Abstract

A corrosion and hydriding test series on zirconium alloys in the Engineering Test Reactor G-7 loop demonstrated relatively large lot-to-lot and alloy-to-alloy differences in hydriding rates under irradiation. Similar differences were also found among irradiated Zircaloy-2 pressure tubes fabricated by three suppliers for the Hanford Site N Reactor.
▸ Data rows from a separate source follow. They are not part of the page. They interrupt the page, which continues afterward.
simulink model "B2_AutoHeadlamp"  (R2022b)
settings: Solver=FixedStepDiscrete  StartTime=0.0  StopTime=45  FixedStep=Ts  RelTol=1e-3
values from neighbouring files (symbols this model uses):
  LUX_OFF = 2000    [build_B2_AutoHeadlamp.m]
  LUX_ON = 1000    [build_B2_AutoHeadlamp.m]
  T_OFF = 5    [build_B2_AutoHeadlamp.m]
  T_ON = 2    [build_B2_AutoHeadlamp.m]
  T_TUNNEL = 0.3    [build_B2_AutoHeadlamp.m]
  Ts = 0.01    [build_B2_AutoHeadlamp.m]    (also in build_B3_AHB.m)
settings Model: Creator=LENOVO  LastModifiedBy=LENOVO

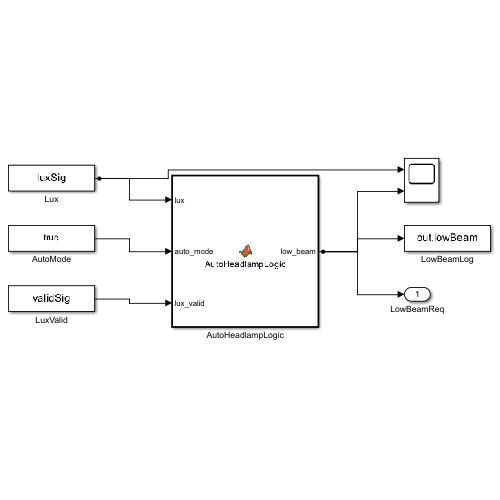
[thumbnail: Simulink's stored preview of the top-level diagram]
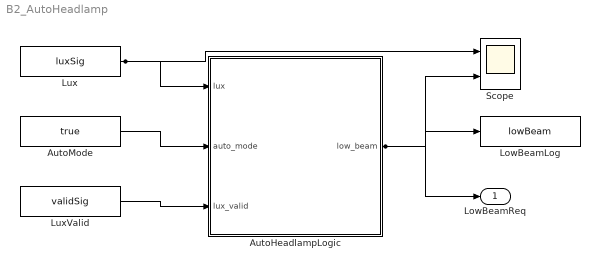
== system B2_AutoHeadlamp ==
  AutoHeadlampLogic : MATLAB Function  TreatAsAtomicUnit=on
  AutoMode : Constant  Value=true  SampleTime=Ts
  LowBeamLog : ToWorkspace  VariableName=lowBeam  SaveFormat=Timeseries  SampleTime=-1
  Lux : FromWorkspace  VariableName=luxSig  SampleTime=Ts  OutputAfterFinalValue=Holding final value
  LuxValid : FromWorkspace  VariableName=validSig  SampleTime=Ts  Interpolate=off  OutputAfterFinalValue=Holding final value
  Scope : Scope  NumInputPorts=2
  LowBeamReq : Outport
  wires:
  Lux/1 -> AutoHeadlampLogic/1(lux), Scope/1
  AutoMode/1 -> AutoHeadlampLogic/2(auto_mode)
  LuxValid/1 -> AutoHeadlampLogic/3(lux_valid)
  AutoHeadlampLogic/1(low_beam) -> LowBeamLog/1, Scope/2, LowBeamReq/1

== matlab function B2_AutoHeadlamp/AutoHeadlampLogic ==
  data: lux input; low_beam output; auto_mode input; lux_valid input; Ts parameter; LUX_ON parameter; LUX_OFF parameter; T_ON parameter; T_OFF parameter; T_TUNNEL parameter
function low_beam = AutoHeadlampLogic(lux, auto_mode, lux_valid, Ts, LUX_ON, LUX_OFF, T_ON, T_OFF, T_TUNNEL)
%#codegen
% B2 - Auto Headlamp : allumage/extinction automatique avec hysteresis
persistent st cnt buf idx
N = 50;                          % 0,5 s d'historique (Ts = 10 ms)
if isempty(st)
    st = false; cnt = 0; buf = 10000*ones(1, N); idx = 1;
end
% Detection tunnel : chute > 80 % en moins de 0,5 s (REQ-LSC-08)
lux_past = buf(idx);
buf(idx) = lux;
idx = mod(idx, N) + 1;
tunnel = (lux < 0.2*lux_past) && (lux < LUX_ON);

if ~auto_mode
    st = false; cnt = 0;
elseif ~lux_valid
    st = true;  cnt = 0;         % etat sur : capteur en defaut (REQ-LSC-09)
elseif ~st
    if lux < LUX_ON
        cnt = cnt + Ts;
        if (cnt > T_ON + Ts/2) || (tunnel && cnt > T_TUNNEL + Ts/2)
            st = true; cnt = 0;
        end
    else
        cnt = 0;
    end
else
    if lux > LUX_OFF
        cnt = cnt + Ts;
        if cnt > T_OFF + Ts/2
            st = false; cnt = 0;
        end
    else
        cnt = 0;
    end
end
low_beam = st;

This substantial in-reactor hydriding data base and access to archive materials from these same alloys permitted an investigation of methods to reproduce the in-reactor hydriding orders-of-merit by an out-of-reactor method. The out-of-reactor method selected for investigation consisted of autoclaving alloys in relatively concentrated (0.3 to 1.0 M) aqueous lithium hydroxide solutions. The test times ranged from 7 to 35 days, and the specimens were held at constant temperatures within the water reactor coolant temperature range (280 to 315°C). The in-reactor hydriding behavior for several lots of Zircaloy-2, one lot of Zircaloy-4, and one lot of Zr-2.5Nb was reproduced in the lithium hydroxide tests. The hydriding rates were compared on the basis of the ratio of hydrogen weight gain to oxide weight gain. Potential applications of the method include the following: (1) screening to predict relative in-reactor hydriding behavior of zirconium based materials, (2) investigating compositional and fabrication variables that influence hydriding within a given zirconium alloy system, and (3) investigating hydriding mechanisms.